Well today, I took a computer break. I followed up my epic errand running with a book purchase. Like an actual book book, with pages and stuff. How refreshing, when paired with my large-enough-to-keep-me-here-for-while (but not for too long) iced coffee. I was astonished when I went to sit down and the man next to me poked his head up from his Mactop and asked me if I needed more room. I thanked him, shook my book in the air, smiled, and said I was not packing heat today, so no. There was even another girl reading a book book nearby. Rebels, we were. Still, I could not help but go into my observer mode. Another dude came and joined Mactop dude next to me and they started excitedly discussing what they were working on. I was curious, as I often wonder what the fuck people are doing during the day on their computers out in public. Well, apparently they were creating an app for a game where some cartoon character pees on things in order to reach the next level. I kid not. They discussed it as if they were CEO’s of a prestigious hedge fund. I smiled to myself and acknowledged that they were being productive, probably making a lot of money, and that I wished I had invested in skills enabling me to create games where cartoons get away with public urination. There was another almost invisible guy sitting across from me, but he did not flinch himself away from his iPad even once. I admired his discipline. I, on the other hand was obviously distracted from my reading, and had taken to making abstract water mark art with the condensation from my coffee cup. iPad guy wrinkled his face and looked at my masterpiece splattered on the thick wood table as he collected his things and left. I wanted to remind him that that is what we all once did to entertain ourselves growing up, although he looked like he was most likely born around 1992. I then just felt old, but cheered to myself for not being a hermit. My table water art was just a minor exercise in staying creative, which is another lesson altogether.

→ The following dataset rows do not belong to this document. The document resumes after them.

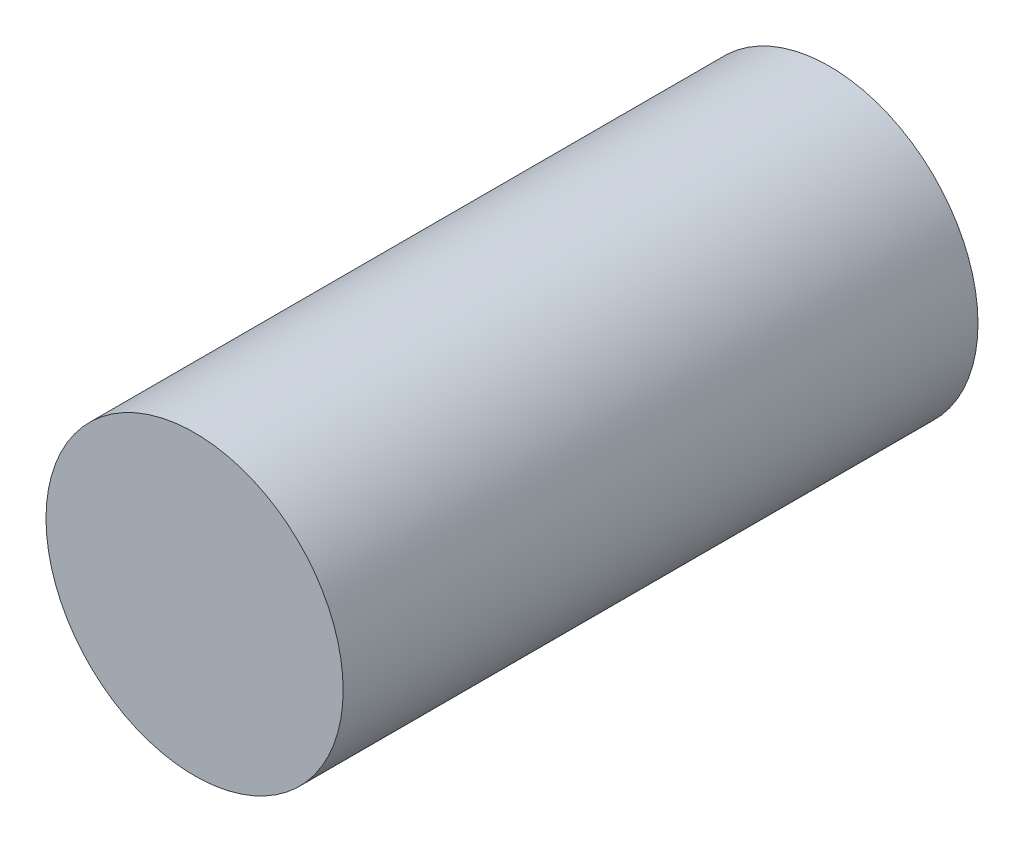
ISO-10303-21;
HEADER;
FILE_DESCRIPTION(('STEP AP214'),'2;1');
FILE_NAME('part.step','',(''),(''),'','','');
FILE_SCHEMA(('AUTOMOTIVE_DESIGN { 1 0 10303 214 1 1 1 1 }'));
ENDSEC;
DATA;
#1=APPLICATION_CONTEXT('core data for automotive mechanical design processes');
#2=APPLICATION_PROTOCOL_DEFINITION('international standard','automotive_design',2000,#1);
#3=PRODUCT_CONTEXT('',#1,'mechanical');
#4=PRODUCT('Part','Part','',(#3));
#5=PRODUCT_RELATED_PRODUCT_CATEGORY('part','',(#4));
#6=PRODUCT_DEFINITION_FORMATION('','',#4);
#7=PRODUCT_DEFINITION_CONTEXT('part definition',#1,'design');
#8=PRODUCT_DEFINITION('design','',#6,#7);
#9=PRODUCT_DEFINITION_SHAPE('','',#8);
#10=(LENGTH_UNIT() NAMED_UNIT(*) SI_UNIT(.MILLI.,.METRE.));
#11=(NAMED_UNIT(*) PLANE_ANGLE_UNIT() SI_UNIT($,.RADIAN.));
#12=(NAMED_UNIT(*) SI_UNIT($,.STERADIAN.) SOLID_ANGLE_UNIT());
#13=UNCERTAINTY_MEASURE_WITH_UNIT(LENGTH_MEASURE(1.E-05),#10,'distance_accuracy_value','');
#14=(GEOMETRIC_REPRESENTATION_CONTEXT(3) GLOBAL_UNCERTAINTY_ASSIGNED_CONTEXT((#13)) GLOBAL_UNIT_ASSIGNED_CONTEXT((#10,
#11,#12)) REPRESENTATION_CONTEXT('',''));
#15=CARTESIAN_POINT('',(0.,0.,0.));
#16=DIRECTION('',(0.,0.,1.));
#17=DIRECTION('',(1.,0.,0.));
#18=AXIS2_PLACEMENT_3D('',#15,#16,#17);
#19=CARTESIAN_POINT('',(0.,0.,47.));
#20=DIRECTION('',(0.,0.,-1.));
#21=DIRECTION('',(-1.,0.,0.));
#22=AXIS2_PLACEMENT_3D('',#19,#20,#21);
#23=CYLINDRICAL_SURFACE('',#22,11.);
#24=CARTESIAN_POINT('',(0.,0.,47.));
#25=DIRECTION('',(0.,0.,1.));
#26=DIRECTION('',(1.,0.,0.));
#27=AXIS2_PLACEMENT_3D('',#24,#25,#26);
#28=CIRCLE('',#27,11.);
#29=CARTESIAN_POINT('',(11.,0.,47.));
#30=VERTEX_POINT('',#29);
#31=EDGE_CURVE('E10',#30,#30,#28,.T.);
#32=ORIENTED_EDGE('',*,*,#31,.F.);
#33=EDGE_LOOP('',(#32));
#34=FACE_BOUND('',#33,.T.);
#35=CARTESIAN_POINT('',(0.,0.,0.));
#36=DIRECTION('',(0.,0.,1.));
#37=DIRECTION('',(1.,0.,0.));
#38=AXIS2_PLACEMENT_3D('',#35,#36,#37);
#39=CIRCLE('',#38,11.);
#40=CARTESIAN_POINT('',(11.,0.,0.));
#41=VERTEX_POINT('',#40);
#42=EDGE_CURVE('E33',#41,#41,#39,.T.);
#43=ORIENTED_EDGE('',*,*,#42,.T.);
#44=EDGE_LOOP('',(#43));
#45=FACE_BOUND('',#44,.T.);
#46=ADVANCED_FACE('F30',(#34,#45),#23,.T.);
#47=CARTESIAN_POINT('',(0.,0.,47.));
#48=DIRECTION('',(0.,0.,1.));
#49=DIRECTION('',(1.,0.,0.));
#50=AXIS2_PLACEMENT_3D('',#47,#48,#49);
#51=PLANE('',#50);
#52=ORIENTED_EDGE('',*,*,#31,.T.);
#53=EDGE_LOOP('',(#52));
#54=FACE_BOUND('',#53,.T.);
#55=ADVANCED_FACE('F45',(#54),#51,.T.);
#56=CARTESIAN_POINT('',(0.,0.,0.));
#57=DIRECTION('',(0.,0.,1.));
#58=DIRECTION('',(1.,0.,0.));
#59=AXIS2_PLACEMENT_3D('',#56,#57,#58);
#60=PLANE('',#59);
#61=ORIENTED_EDGE('',*,*,#42,.F.);
#62=EDGE_LOOP('',(#61));
#63=FACE_BOUND('',#62,.T.);
#64=ADVANCED_FACE('F43',(#63),#60,.F.);
#65=CLOSED_SHELL('',(#46,#55,#64));
#66=MANIFOLD_SOLID_BREP('B2',#65);
#67=ADVANCED_BREP_SHAPE_REPRESENTATION('',(#18,#66),#14);
#68=SHAPE_DEFINITION_REPRESENTATION(#9,#67);
ENDSEC;
END-ISO-10303-21;

Another Day in Job Huntville: Lesson 101 - Staying Motivated


I awoke this morning to the lovely, whirring sound of my air-conditioner around 7am and flicked on the "news" from my bed. I will admit to my guilty mindless pleasure of The Today Show, mostly because after about five minutes of hearing over-enthusiastic multi tonal blabber about topics such as what to dress your dog in for the summer, I am definitely more than motivated to eject myself from my bed, dive in to the shower, and begin the day. Every so often though, The Today Show hits me square in the heart. Well, I'll throw them that point today. There was a story on about a soft-spoken, hard-working janitor in a working class neighborhood in Washington state. He hit the lottery and won $3.4 million dollars, but kept working, and stayed in his tiny house with his wife. He did splurge on a new heating pump, but also on a $40,000 track for the school he works at. I wished to myself that I could have this man as my mentor, and that, in essence motivated me to get my ass back in gear on my own...hopefully. It's been way too long since I wrote anything here, mostly because I felt there was nothing to really write about. Well, so I guess I'll more or less write about nothing.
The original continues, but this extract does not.